#### [Directions]
Every line with "unnamed" in it should be copied from the data.

#### [Material shown]

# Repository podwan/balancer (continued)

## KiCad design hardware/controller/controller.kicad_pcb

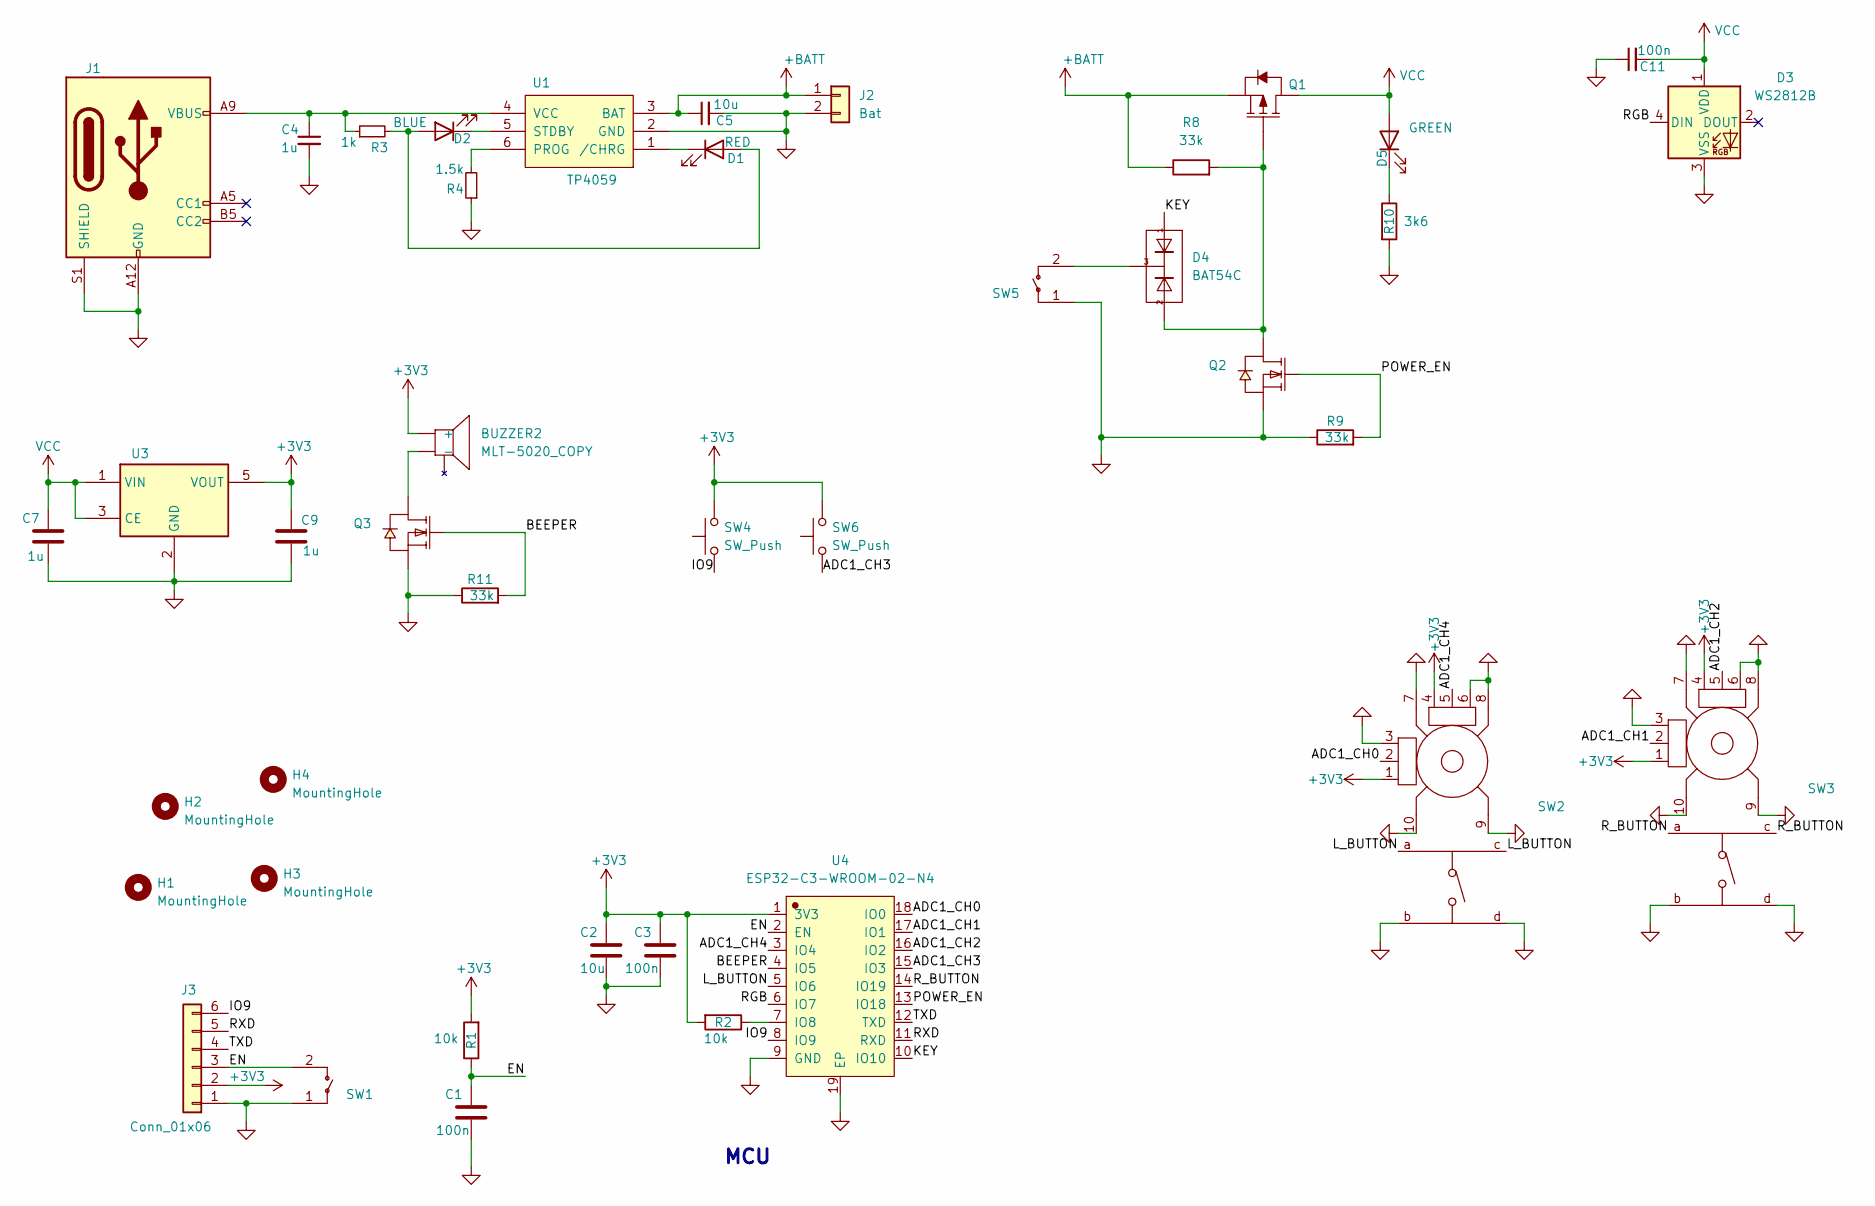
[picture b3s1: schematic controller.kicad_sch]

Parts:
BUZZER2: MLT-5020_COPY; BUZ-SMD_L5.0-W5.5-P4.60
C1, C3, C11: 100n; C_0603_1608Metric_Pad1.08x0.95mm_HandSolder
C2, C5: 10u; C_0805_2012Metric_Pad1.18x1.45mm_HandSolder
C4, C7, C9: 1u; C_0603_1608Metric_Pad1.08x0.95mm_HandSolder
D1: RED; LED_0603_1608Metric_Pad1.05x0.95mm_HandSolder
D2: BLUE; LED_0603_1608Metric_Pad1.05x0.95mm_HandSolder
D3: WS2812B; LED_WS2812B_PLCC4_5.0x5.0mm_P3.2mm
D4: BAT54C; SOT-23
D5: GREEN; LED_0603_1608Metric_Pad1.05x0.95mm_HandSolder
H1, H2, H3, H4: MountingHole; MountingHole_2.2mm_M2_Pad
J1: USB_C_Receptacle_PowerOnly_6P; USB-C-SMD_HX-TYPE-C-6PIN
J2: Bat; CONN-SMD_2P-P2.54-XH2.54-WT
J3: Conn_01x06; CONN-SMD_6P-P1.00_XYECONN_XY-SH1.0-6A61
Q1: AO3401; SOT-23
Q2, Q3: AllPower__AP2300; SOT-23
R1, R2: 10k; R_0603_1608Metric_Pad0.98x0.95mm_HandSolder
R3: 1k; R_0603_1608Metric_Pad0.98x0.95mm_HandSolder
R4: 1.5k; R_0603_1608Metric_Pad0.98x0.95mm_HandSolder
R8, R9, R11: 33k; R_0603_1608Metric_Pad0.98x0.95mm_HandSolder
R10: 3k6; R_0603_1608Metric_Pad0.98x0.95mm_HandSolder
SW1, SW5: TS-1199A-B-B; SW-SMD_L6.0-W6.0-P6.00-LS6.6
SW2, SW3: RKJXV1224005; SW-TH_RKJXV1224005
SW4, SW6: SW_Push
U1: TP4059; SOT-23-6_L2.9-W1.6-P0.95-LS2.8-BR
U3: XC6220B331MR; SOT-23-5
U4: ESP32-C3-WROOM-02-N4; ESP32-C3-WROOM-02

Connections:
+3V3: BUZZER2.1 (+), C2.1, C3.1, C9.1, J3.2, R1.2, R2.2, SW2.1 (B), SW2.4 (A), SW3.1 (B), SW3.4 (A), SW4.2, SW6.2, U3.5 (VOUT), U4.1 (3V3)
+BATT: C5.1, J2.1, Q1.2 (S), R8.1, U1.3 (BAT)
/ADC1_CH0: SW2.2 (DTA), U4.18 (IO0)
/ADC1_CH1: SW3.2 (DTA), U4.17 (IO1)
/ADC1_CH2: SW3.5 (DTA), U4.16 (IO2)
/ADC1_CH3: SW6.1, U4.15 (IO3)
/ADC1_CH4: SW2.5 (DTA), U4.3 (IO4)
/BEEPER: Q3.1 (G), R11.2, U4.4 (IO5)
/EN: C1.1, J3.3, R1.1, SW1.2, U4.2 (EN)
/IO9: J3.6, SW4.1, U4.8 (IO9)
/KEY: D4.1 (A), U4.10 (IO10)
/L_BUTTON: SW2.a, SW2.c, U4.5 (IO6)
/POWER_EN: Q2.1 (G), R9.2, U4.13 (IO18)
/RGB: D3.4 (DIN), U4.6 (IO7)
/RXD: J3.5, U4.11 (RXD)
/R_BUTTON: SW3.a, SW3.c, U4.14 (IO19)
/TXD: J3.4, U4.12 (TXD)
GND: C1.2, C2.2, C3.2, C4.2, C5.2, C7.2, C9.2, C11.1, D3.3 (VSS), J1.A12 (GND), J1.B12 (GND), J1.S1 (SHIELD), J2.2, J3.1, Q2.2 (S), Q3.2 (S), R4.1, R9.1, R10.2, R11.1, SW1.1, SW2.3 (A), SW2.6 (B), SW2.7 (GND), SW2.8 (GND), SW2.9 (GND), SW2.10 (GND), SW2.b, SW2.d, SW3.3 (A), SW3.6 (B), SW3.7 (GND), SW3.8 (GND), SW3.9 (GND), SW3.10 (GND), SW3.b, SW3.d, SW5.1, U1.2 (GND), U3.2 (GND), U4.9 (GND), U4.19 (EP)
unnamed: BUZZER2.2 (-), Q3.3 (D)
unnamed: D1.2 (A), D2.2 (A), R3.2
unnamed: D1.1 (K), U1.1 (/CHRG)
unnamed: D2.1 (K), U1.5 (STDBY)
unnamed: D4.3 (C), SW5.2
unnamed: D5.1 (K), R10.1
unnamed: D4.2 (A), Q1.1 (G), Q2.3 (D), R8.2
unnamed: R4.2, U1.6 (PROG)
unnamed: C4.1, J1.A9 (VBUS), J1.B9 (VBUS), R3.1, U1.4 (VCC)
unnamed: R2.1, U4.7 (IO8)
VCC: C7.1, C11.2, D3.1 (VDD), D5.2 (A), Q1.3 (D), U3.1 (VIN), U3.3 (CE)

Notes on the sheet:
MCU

#### [Solved problem]
unnamed: BUZZER2.2 (-), Q3.3 (D)
unnamed: D1.2 (A), D2.2 (A), R3.2
unnamed: D1.1 (K), U1.1 (/CHRG)
unnamed: D2.1 (K), U1.5 (STDBY)
unnamed: D4.3 (C), SW5.2
unnamed: D5.1 (K), R10.1
unnamed: D4.2 (A), Q1.1 (G), Q2.3 (D), R8.2
unnamed: R4.2, U1.6 (PROG)
unnamed: C4.1, J1.A9 (VBUS), J1.B9 (VBUS), R3.1, U1.4 (VCC)
unnamed: R2.1, U4.7 (IO8)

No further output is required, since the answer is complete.